* Given records *
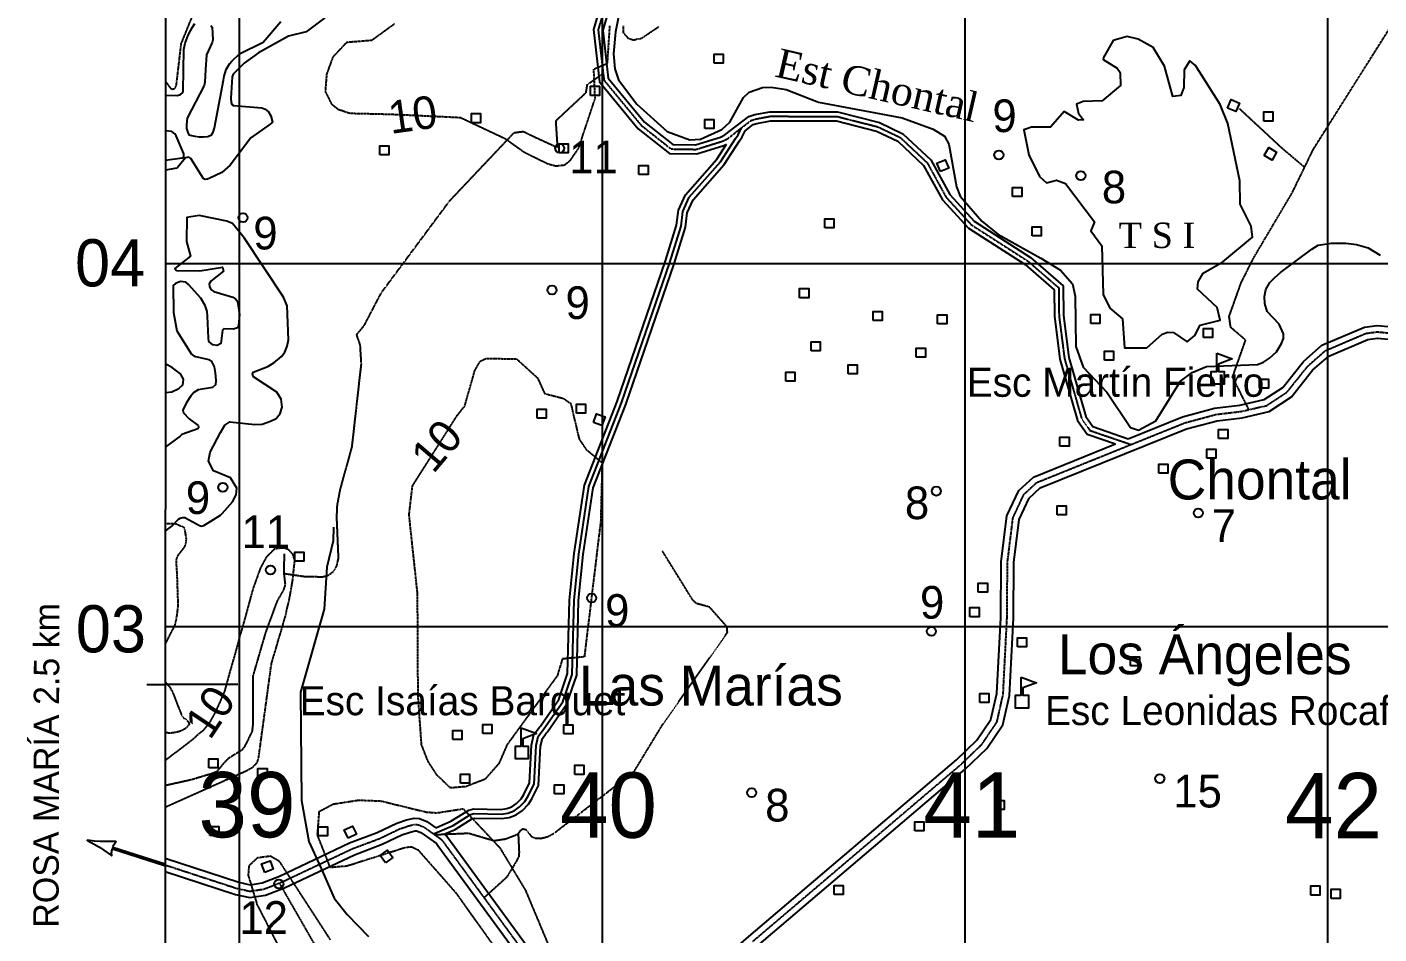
# Model space of a CAD drawing. Extents: x 638173 to 667318, y 9795622 to 9816401.
# Drawn here: x 638414 to 642141, y 9802153 to 9804652 of the extents above; entities that cross this region are included whole.
import ezdxf

# ---------------------------------------------------------------- set-up
doc = ezdxf.new("R2010")
doc.units = 0
doc.header["$MEASUREMENT"] = 0
doc.linetypes.add('DASHED', pattern=[0.75, 0.5, -0.25])
doc.linetypes.add('HIDDEN', pattern=[0.375, 0.25, -0.125])
for name, color, linetype in [('CAMINO2', 7, 'CONTINUOUS'), ('CAMINO4', 7, 'CONTINUOUS'), ('CAMINO5', 7, 'CONTINUOUS'), ('CAMINO6Y7', 7, 'CONTINUOUS'), ('CUADRICULAUTM', 7, 'CONTINUOUS'), ('CURVASUPLEMENTAR', 7, 'CONTINUOUS'), ('EDIFICACION', 7, 'CONTINUOUS'), ('INFORMACIONMARGI', 7, 'CONTINUOUS'), ('NOMBRESPOBLADOS', 7, 'CONTINUOUS'), ('NOMBRESPROPIOS', 7, 'CONTINUOUS'), ('PANTANOINUNDACIO', 7, 'CONTINUOUS'), ('PARALELACAMINO', 7, 'CONTINUOUS'), ('PROYECCION', 7, 'CONTINUOUS'), ('PUNTOALTURA', 7, 'CONTINUOUS'), ('RIOINTERMITENTE', 7, 'CONTINUOUS'), ('TEXTOAZUL', 7, 'CONTINUOUS'), ('VALORCUADRICULAR', 7, 'CONTINUOUS'), ('VALORCURVANIVEL', 7, 'CONTINUOUS')]:
    doc.layers.add(name, color=color, linetype=linetype)
doc.styles.add('cotas', font='SWITZN.TTF')
doc.styles.add('curvas', font='SWZCONDI.TTF')
doc.styles.add('escuelas', font='SWZCONLN.TTF')
doc.styles.add('poblados', font='SWZCONDN.TTF')
doc.styles.add('rios', font='TIMESI_0.TTF')

# ---------------------------------------------------------------- blocks, each defined once
blk = doc.blocks.new('DESVIA')
at = {"layer": 'INFORMACIONMARGI', "color": 7, "linetype": 'Continuous'}
blk.add_lwpolyline([(202.16, 3.49), (185.9, 7.39), (147.68, 19.11), (146.85, 19.12), (146.96, 18.1), (149.36, 11.75), (149.85, 9.42), (150.15, 6.9), (150.53, 1.31), (-0.62, 1.3), (-0.61, -2.71), (150.58, -2.7), (150.4, -6.92), (149.98, -11.09), (149.1, -14.21), (146.85, -20.1), (146.86, -20.87), (147.8, -20.89), (188.55, -8.04), (203.45, -4.27), (223.03, -0.96), (223.77, -0.5), (223.03, 0.07), (202.16, 3.49)], close=True, dxfattribs=at)
blk = doc.blocks.new('COTA')
at = {"layer": 'PUNTOALTURA', "color": 1, "linetype": 'Continuous'}
blk.add_circle((0, 0), 12.5, dxfattribs=at)
blk = doc.blocks.new('CASA')
at = {"layer": 'EDIFICACION', "color": 4, "linetype": 'Continuous'}
blk.add_lwpolyline([(-12.57, -13.81), (-12.57, 11.18), (12.43, 11.18), (12.43, -13.82), (-12.57, -13.81)], close=True, dxfattribs=at)
blk = doc.blocks.new('ESCUEL')
at = {"layer": 'EDIFICACION', "color": 6, "linetype": 'Continuous'}
blk.add_lwpolyline([(-0.55, 67.48), (41.45, 51.74), (3.45, 37.48), (3.45, 17.27), (18.98, 17.27), (18.98, -17.74), (-16.02, -17.73), (-16.02, 17.27), (-0.55, 17.27), (-0.55, 67.48)], close=True, dxfattribs=at)

msp = doc.modelspace()

# ---------------------------------------------------------------- linework, layer by layer
at = {"layer": 'CAMINO2', "color": 2, "linetype": 'DASHED'}
for points in [[(640415.15, 9802133.1), (640988.12, 9802619.87), (641045.97, 9802675.32), (641087.59, 9802736.74), (641104.75, 9802812.78), (641115.54, 9803023.84), (641116.78, 9803177.57), (641132.08, 9803300.09), (641162.07, 9803364.24), (641197.6, 9803396.99), (641457.43, 9803501.7), (641604.94, 9803561.14), (641691.11, 9803584.46), (641760.48, 9803592.81), (641782.15, 9803597.76), (641830.8, 9803608.86), (641887.26, 9803645.96), (641945.2, 9803718.26), (641992.81, 9803760.07), (642105.05, 9803808.07), (642136.13, 9803811.98), (642171.34, 9803808.71)], [(638794.59, 9802343.49), (638993.01, 9802278.65), (639028.9, 9802270.96), (639067.18, 9802276.87), (639109.32, 9802293.4), (639117.02, 9802296.42), (639310.25, 9802387.69), (639386.57, 9802416.38), (639440.3, 9802442.17), (639465.2, 9802450.7), (639482.7, 9802454.9), (639491.98, 9802454.2), (639507.94, 9802447.83), (639534.24, 9802429.32), (639537.77, 9802426.84), (639554.53, 9802415.04), (639560.56, 9802408.17), (639673.96, 9802252.86), (639876.81, 9801975.04)]]:
    msp.add_lwpolyline(points, dxfattribs=at)
at = {"layer": 'CAMINO4', "color": 2, "linetype": 'HIDDEN'}
msp.add_lwpolyline([(640041.45, 9804825.81), (639988.49, 9804644.29), (640002.19, 9804524.56), (640004.37, 9804505.54), (640107.44, 9804380.63), (640189.6, 9804315.86), (640258.36, 9804314.71), (640330.38, 9804337.1), (640344.51, 9804343.57), (640383.65, 9804374.03), (640409.74, 9804394.33), (640423.07, 9804398.5), (640462.56, 9804405.88), (640646.73, 9804405.43), (640759.66, 9804376.83), (640821.19, 9804347.49), (640895.34, 9804277.93), (640947.52, 9804182.9), (641016.96, 9804107.11), (641172.79, 9804007.16), (641258.1, 9803933.24), (641258.79, 9803855.98), (641273.75, 9803738.83), (641320.86, 9803573.39), (641344.1, 9803540.26), (641457.43, 9803501.7)], dxfattribs=at)
at = {"layer": 'CAMINO5', "color": 7, "linetype": 'Continuous'}
msp.add_lwpolyline([(639534.24, 9802429.32), (639588.41, 9802452.36), (639636.89, 9802482.55), (639646.45, 9802485.08), (639721.03, 9802483.43), (639739.78, 9802486.23), (639756.84, 9802492.28), (639771.56, 9802503.12), (639786.51, 9802518.12), (639794.75, 9802531.75), (639811.99, 9802565.88), (639817.38, 9802671.98), (639822.99, 9802697), (639835.91, 9802714.9), (639838.93, 9802717.95), (639891.3, 9802792.98), (639916.81, 9802868.24), (639921.9, 9803072.41), (639935.06, 9803199.93), (639962.99, 9803385.93), (640052.92, 9803616.06), (640186.16, 9804003.33), (640216.85, 9804102.84), (640222, 9804143.47), (640239.73, 9804182.63), (640325.8, 9804280.33), (640367.35, 9804344.76), (640374.61, 9804355.19), (640383.65, 9804374.03)], dxfattribs=at)
at = {"layer": 'CAMINO6Y7', "color": 2, "linetype": 'HIDDEN'}
msp.add_line((639122.85, 9803200.4), (639121.98, 9803146.55), dxfattribs=at)
for points in [[(641935.75, 9804265.21), (641960.07, 9804315.2), (642218.76, 9804725.03), (642268.89, 9804823.06), (642295.66, 9804881.15), (642336.23, 9804947.4), (642339.62, 9804993.25), (642316.54, 9805062.06), (642319.22, 9805084.83), (642384.95, 9805134.58), (642447.58, 9805167.99)], [(639121.98, 9803146.55), (639180.54, 9803137.96), (639207.65, 9803137.96), (639226.87, 9803136.5), (639245.81, 9803141.66), (639257.77, 9803151.29), (639267.43, 9803165.33), (639272.92, 9803188.36), (639268.13, 9803301.54), (639269.61, 9803334.39), (639277.86, 9803378.44), (639310.11, 9803494.67), (639335.87, 9803724), (639332.69, 9803775.86), (639322.9, 9803804.29), (639344.22, 9803830.42), (639390.94, 9803919.7), (639579.81, 9804173.68), (639756.88, 9804360.81), (639782.23, 9804364.2), (639815.87, 9804347.8), (639876.94, 9804319.93), (639872.17, 9804393.75), (639955.2, 9804471.12), (639958.69, 9804493.15), (640002.19, 9804524.56)], [(641935.75, 9804265.21), (641873.33, 9804317.98), (641756.19, 9804426.59)], [(641782.15, 9803597.76), (641737.28, 9803687.49), (641773.14, 9803789.15), (641732.05, 9803824.48), (641727.81, 9803854.58), (641760.45, 9803946.09), (641794.18, 9804013.85), (641902.19, 9804196.24), (641935.75, 9804265.21)], [(639768.07, 9802428.72), (639775.67, 9802439.24), (639780.64, 9802442.79), (639790.39, 9802440.69), (639803.16, 9802423.08), (639814.78, 9802417.27), (639829.62, 9802416.54), (639848.61, 9802420.78), (639866.84, 9802430.63), (640087.34, 9802600.24), (640165.8, 9802729.45), (640344.68, 9802983.54), (640344.12, 9802998.6), (640295.57, 9803053.54), (640258.52, 9803063.68), (640247.83, 9803075.25), (640166.18, 9803207.28)], [(639121.98, 9803146.55), (639125.62, 9803115.8), (639121.25, 9803101.05), (639103.22, 9803069.86), (639071.38, 9802983.44), (639036.26, 9802862.62), (639037.03, 9802734.77), (639034.52, 9802712.01), (639020.25, 9802681.82), (639011.97, 9802666.84), (639006.12, 9802659.49), (638982.74, 9802644.99), (638969.39, 9802636.56), (638960.46, 9802628.02), (638939.43, 9802603.18), (638928.8, 9802596.37), (638868.66, 9802578.13), (638794.73, 9802561.68)], [(638794.92, 9802847.23), (638807.38, 9802833.71), (638817.09, 9802815.61), (638823.7, 9802797.67), (638839.71, 9802757.21), (638845.76, 9802748.77), (638854.33, 9802742.53), (638859.57, 9802736.06), (638861.29, 9802731.44), (638857.81, 9802725.89), (638849.8, 9802718.06), (638836.93, 9802711.54), (638819.18, 9802707.3), (638808.63, 9802706.36), (638794.83, 9802707.46)], [(639537.77, 9802426.84), (639631.24, 9802430.95), (639701.07, 9802410.33), (639733.49, 9802415.07), (639768.07, 9802428.72)], [(639768.07, 9802428.72), (639770.43, 9802378.09), (639769.52, 9802366.3), (639760.4, 9802349.07), (639736, 9802309.03), (639673.96, 9802252.86)], [(639109.32, 9802293.4), (639226.69, 9802089.03), (639216.87, 9802056.12), (639219.95, 9802026.47), (639231.59, 9802012.59), (639240.14, 9801979.41), (639308.34, 9801890.35), (639314.62, 9801841.92), (639330.28, 9801820.06), (639398.01, 9801758.33), (639403.1, 9801722.34), (639448.26, 9801690.47), (639454.15, 9801658.25), (639446.11, 9801626.61), (639446.44, 9801591.26), (639453.59, 9801568.7), (639497.37, 9801518.32), (639592.5, 9801346.26)]]:
    msp.add_lwpolyline(points, dxfattribs=at)
at = {"layer": 'CUADRICULAUTM', "color": 2, "linetype": 'Continuous'}
for points in [[(639000, 9796943.25), (639000, 9797000), (639000, 9798000), (639000, 9799000), (639000, 9800000), (639000, 9801000), (639000, 9802000), (639000, 9803000), (639000, 9804000), (639000, 9805000), (639000, 9806000), (639000, 9807000), (639000, 9808000), (639000, 9809000), (639000, 9810000), (639000, 9811000), (639000, 9812000), (639000, 9813000), (639000, 9814000), (639000, 9815369.88)], [(640000, 9796942.47), (640000, 9797000), (640000, 9798000), (640000, 9799000), (640000, 9800000), (640000, 9801000), (640000, 9802000), (640000, 9803000), (640000, 9804000), (640000, 9805000), (640000, 9806000), (640000, 9807000), (640000, 9808000), (640000, 9809000), (640000, 9810000), (640000, 9811000), (640000, 9812000), (640000, 9813000), (640000, 9814000), (640000, 9815369.17)], [(641000, 9796941.7), (641000, 9797000), (641000, 9798000), (641000, 9799000), (641000, 9800000), (641000, 9801000), (641000, 9802000), (641000, 9803000), (641000, 9804000), (641000, 9805000), (641000, 9806000), (641000, 9807000), (641000, 9808000), (641000, 9809000), (641000, 9810000), (641000, 9811000), (641000, 9812000), (641000, 9813000), (641000, 9814000), (641000, 9815368.47)], [(642000, 9796940.92), (642000, 9797000), (642000, 9798000), (642000, 9799000), (642000, 9800000), (642000, 9801000), (642000, 9802000), (642000, 9803000), (642000, 9804000), (642000, 9805000), (642000, 9806000), (642000, 9807000), (642000, 9808000), (642000, 9809000), (642000, 9810000), (642000, 9811000), (642000, 9812000), (642000, 9813000), (642000, 9814000), (642000, 9815367.76)], [(638795.7, 9804000), (639000, 9804000), (640000, 9804000), (641000, 9804000), (642000, 9804000), (643000, 9804000), (644000, 9804000), (645000, 9804000), (646000, 9804000), (647000, 9804000), (648000, 9804000), (649000, 9804000), (650000, 9804000), (651000, 9804000), (652000, 9804000), (653000, 9804000), (654000, 9804000), (655000, 9804000), (656000, 9804000)], [(638795.03, 9803000), (639000, 9803000), (640000, 9803000), (641000, 9803000), (642000, 9803000), (643000, 9803000), (644000, 9803000), (645000, 9803000), (646000, 9803000), (647000, 9803000), (648000, 9803000), (649000, 9803000), (650000, 9803000), (651000, 9803000), (652000, 9803000), (653000, 9803000), (654000, 9803000), (655000, 9803000), (656000, 9803000)]]:
    msp.add_lwpolyline(points, dxfattribs=at)
at = {"layer": 'CURVASUPLEMENTAR', "color": 2, "linetype": 'DASHED'}
for points in [[(638796.03, 9804501.64), (638810.64, 9804482.07), (638815.2, 9804480.71), (638820.13, 9804481.69), (638824.05, 9804485.93), (638825.9, 9804492.52), (638839.52, 9804606.26), (638894.88, 9804742.86), (638906.21, 9804768.36), (639035.08, 9804910.75), (639049.1, 9804974.31), (639040.42, 9805060.4), (639039.3, 9805373.24), (639051.39, 9805418.64), (639125.47, 9805583.33), (639130.23, 9805613.64), (639128.69, 9805640.81), (639126.49, 9805658.73), (639117.25, 9805699.43), (639103, 9805729.56), (638964.92, 9805917.01), (638868.07, 9806023.87), (638797.09, 9806081.45)], [(639426.78, 9804660.08), (639364.26, 9804614.64), (639295.03, 9804609.28), (639256.89, 9804568.85), (639239.73, 9804521.31), (639236.33, 9804473.98), (639253.5, 9804439.35), (639271.56, 9804425.34), (639304.84, 9804414.35), (639420.66, 9804411.56), (639608.66, 9804402.65), (639732.04, 9804344.65), (639784.28, 9804307.33), (639848.64, 9804275.6), (639871.96, 9804269.07), (639896.21, 9804271.86), (639912.07, 9804284.93), (639934.46, 9804317.59), (639980.16, 9804454.77), (639976.43, 9804535.96), (640014.11, 9804551.87), (640020.84, 9804654.82)], [(640057.39, 9804654.82), (640057.39, 9804636.54), (640070.85, 9804621.14), (640086.24, 9804616.33), (640108.36, 9804621.14), (640155.49, 9804652.89)], [(639876.27, 9802865.27), (639737.13, 9802674.1), (639714.75, 9802622.6), (639676.45, 9802579.23), (639623.98, 9802559.04), (639581.27, 9802555.26), (639544.13, 9802590.96), (639519.75, 9802628.35), (639501.71, 9802674.93), (639492.15, 9802809.46), (639490.67, 9803090.54), (639467.45, 9803307.83), (639476.89, 9803387.94), (639599.98, 9803581.74), (639620.83, 9803607.58), (639648.42, 9803705.42), (639663.05, 9803730.86), (639679.88, 9803738.95), (639763.71, 9803737.33), (639821.38, 9803685.02), (639840.88, 9803641.88), (639892.33, 9803628.83), (639912.69, 9803614.83), (639936.18, 9803516.38), (639955.28, 9803488.3), (639999.64, 9803451.15), (639995.39, 9803290.54), (639950.33, 9802916.65), (639889.41, 9802910.68), (639876.27, 9802865.27)], [(638794.99, 9802950.24), (638812.35, 9802985.33), (638820.91, 9803000.04), (638826.02, 9803020.51), (638827.89, 9803032.98), (638831.01, 9803058.23), (638828.31, 9803139.29), (638826.51, 9803170.53), (638826.31, 9803184.11), (638830.5, 9803196.38), (638849.55, 9803220.85), (638852.42, 9803230.56), (638853.52, 9803241.46), (638849.35, 9803268.32), (638848.81, 9803270.48), (638846.36, 9803273.2), (638840.01, 9803276.18), (638836.06, 9803277.43), (638823.61, 9803282.91), (638795.22, 9803283.17)], [(638794.69, 9802502.52), (639020.7, 9802603.74), (639037.28, 9802613.22), (639048.11, 9802624.73), (639052.26, 9802635.59), (639087.97, 9802897.55), (639125.43, 9803024.46), (639138.13, 9803079.17), (639146.47, 9803127.53), (639150.08, 9803161.62), (639152.44, 9803181.51), (639147.39, 9803198.34), (639134.66, 9803212.26), (639122.84, 9803216.17), (639117.28, 9803216.17), (639097.12, 9803214.21), (639088.77, 9803206.39), (639073.48, 9803190.75), (639057.49, 9803161.42), (639038.03, 9803107.33), (638997.2, 9802960.47), (638958.38, 9802821.81), (638943.73, 9802787.62), (638931.58, 9802761.13), (638917.31, 9802736.01), (638899.91, 9802713.82), (638886.34, 9802703.09), (638869.29, 9802687.4), (638794.78, 9802630.78)], [(639725.58, 9802085.96), (639597.68, 9802265.3), (639493.62, 9802383.33), (639474.51, 9802392.38), (639458.41, 9802391.38), (639296.45, 9802340.05), (639250.18, 9802336.02), (639214.97, 9802425.59), (639220, 9802491.01), (639258.22, 9802511.14), (639328.48, 9802521.98), (639390.37, 9802519.45), (639514.75, 9802489), (639543.92, 9802486.98), (639616.35, 9802498.06), (639717.33, 9802390.64), (639787.88, 9802273.71), (639867.24, 9802084.46)], [(639250.82, 9802136.78), (639110.49, 9802352.71), (639085.19, 9802367.25), (639049.32, 9802362.63), (639025.84, 9802341.08), (639023.83, 9802314.91), (639047.97, 9802234.4), (639116.38, 9802101.56)]]:
    msp.add_lwpolyline(points, dxfattribs=at)
at = {"layer": 'PANTANOINUNDACIO', "color": 2, "linetype": 'Continuous'}
for points in [[(639234.64, 9804677.08), (639183.26, 9804638.21), (639135.18, 9804626.36), (639052.07, 9804580.45), (639012.91, 9804552.6), (638982.49, 9804522.25), (638979.54, 9804514.14), (638976.37, 9804456.17), (638976.97, 9804444.02), (638978.35, 9804438.5), (638983.18, 9804435.41), (639061.79, 9804429.56), (639070.34, 9804425.62), (639079.54, 9804418.25), (639085.96, 9804406.92), (639090.78, 9804390.08), (639084.6, 9804383.74), (639031.08, 9804346.09), (638973.97, 9804270.85), (638950.98, 9804250.6), (638917.66, 9804235.06), (638911.78, 9804232.5), (638905.23, 9804232.05), (638903.46, 9804232.5), (638900.03, 9804235.27), (638865.92, 9804289.45), (638859.89, 9804293.53), (638850.91, 9804291.25), (638829.77, 9804265.42), (638827.41, 9804263.34), (638795.87, 9804257.42)], [(638796.01, 9804463.62), (638828.02, 9804463.01), (638837.15, 9804465.65), (638843.59, 9804471.17), (638844.5, 9804475.69), (638846.74, 9804590.29), (638850.49, 9804607.07), (638858.77, 9804629.15), (638864.51, 9804641.12), (638870.27, 9804651.24), (638876.71, 9804661.36)], [(638920.4, 9804656.3), (638924.38, 9804651.06), (638925.92, 9804616.73), (638924.08, 9804608.99), (638908.53, 9804575.36), (638905.77, 9804535.07), (638903.84, 9804500.16), (638902.54, 9804490.86), (638855.98, 9804400.27), (638853.61, 9804382.91), (638853.93, 9804372.28), (638857.19, 9804360.85), (638860.45, 9804354.78), (638867.31, 9804352.69), (638876.45, 9804350.74), (638888.53, 9804349.1), (638900.93, 9804349.1), (638912.68, 9804350.41), (638922.34, 9804354.75), (638927.69, 9804362.16), (638930.92, 9804374.27), (638955.67, 9804505.68), (638957.2, 9804516.42), (638963.18, 9804534.82), (638971.92, 9804550.01), (638978.51, 9804557.68), (638999.7, 9804578.08), (639065.19, 9804610.15), (639113.71, 9804666.85)], [(641724.49, 9804385.6), (641703.23, 9804438.75), (641635.34, 9804545.87), (641619.24, 9804558.73), (641603.63, 9804533.62), (641602.69, 9804484.83), (641594.75, 9804462.86), (641572.34, 9804460.15), (641549.4, 9804544.2), (641518.74, 9804594.99), (641476.74, 9804617.9), (641446.59, 9804625.47), (641408, 9804614.67), (641381.01, 9804567.91), (641380.87, 9804562.01), (641418.62, 9804538.27), (641427.18, 9804526.68), (641428.15, 9804490.67), (641378.06, 9804448.88), (641325.19, 9804447.02), (641307.22, 9804439.09), (641312.07, 9804413.74), (641326.22, 9804395.95), (641312.31, 9804395.24), (641272.92, 9804418.65), (641235.61, 9804375.77), (641182.89, 9804375.72), (641161.48, 9804368.76), (641175.35, 9804299.56), (641205.22, 9804239.93), (641224.12, 9804222.33), (641252.25, 9804229.48), (641277.01, 9804220.58), (641356.67, 9804115.32), (641346.79, 9804089.9), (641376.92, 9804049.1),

* Work instructions *
Please copy, exactly as written, every line in the listing above from the line with "import ezdxf" up to and including the line with "doc.linetypes.add('HIDDEN', pattern=[0.375, 0.25, -0.125])".

* Your solution *
import ezdxf

# ---------------------------------------------------------------- set-up
doc = ezdxf.new("R2010")
doc.units = 0
doc.header["$MEASUREMENT"] = 0
doc.linetypes.add('DASHED', pattern=[0.75, 0.5, -0.25])
doc.linetypes.add('HIDDEN', pattern=[0.375, 0.25, -0.125])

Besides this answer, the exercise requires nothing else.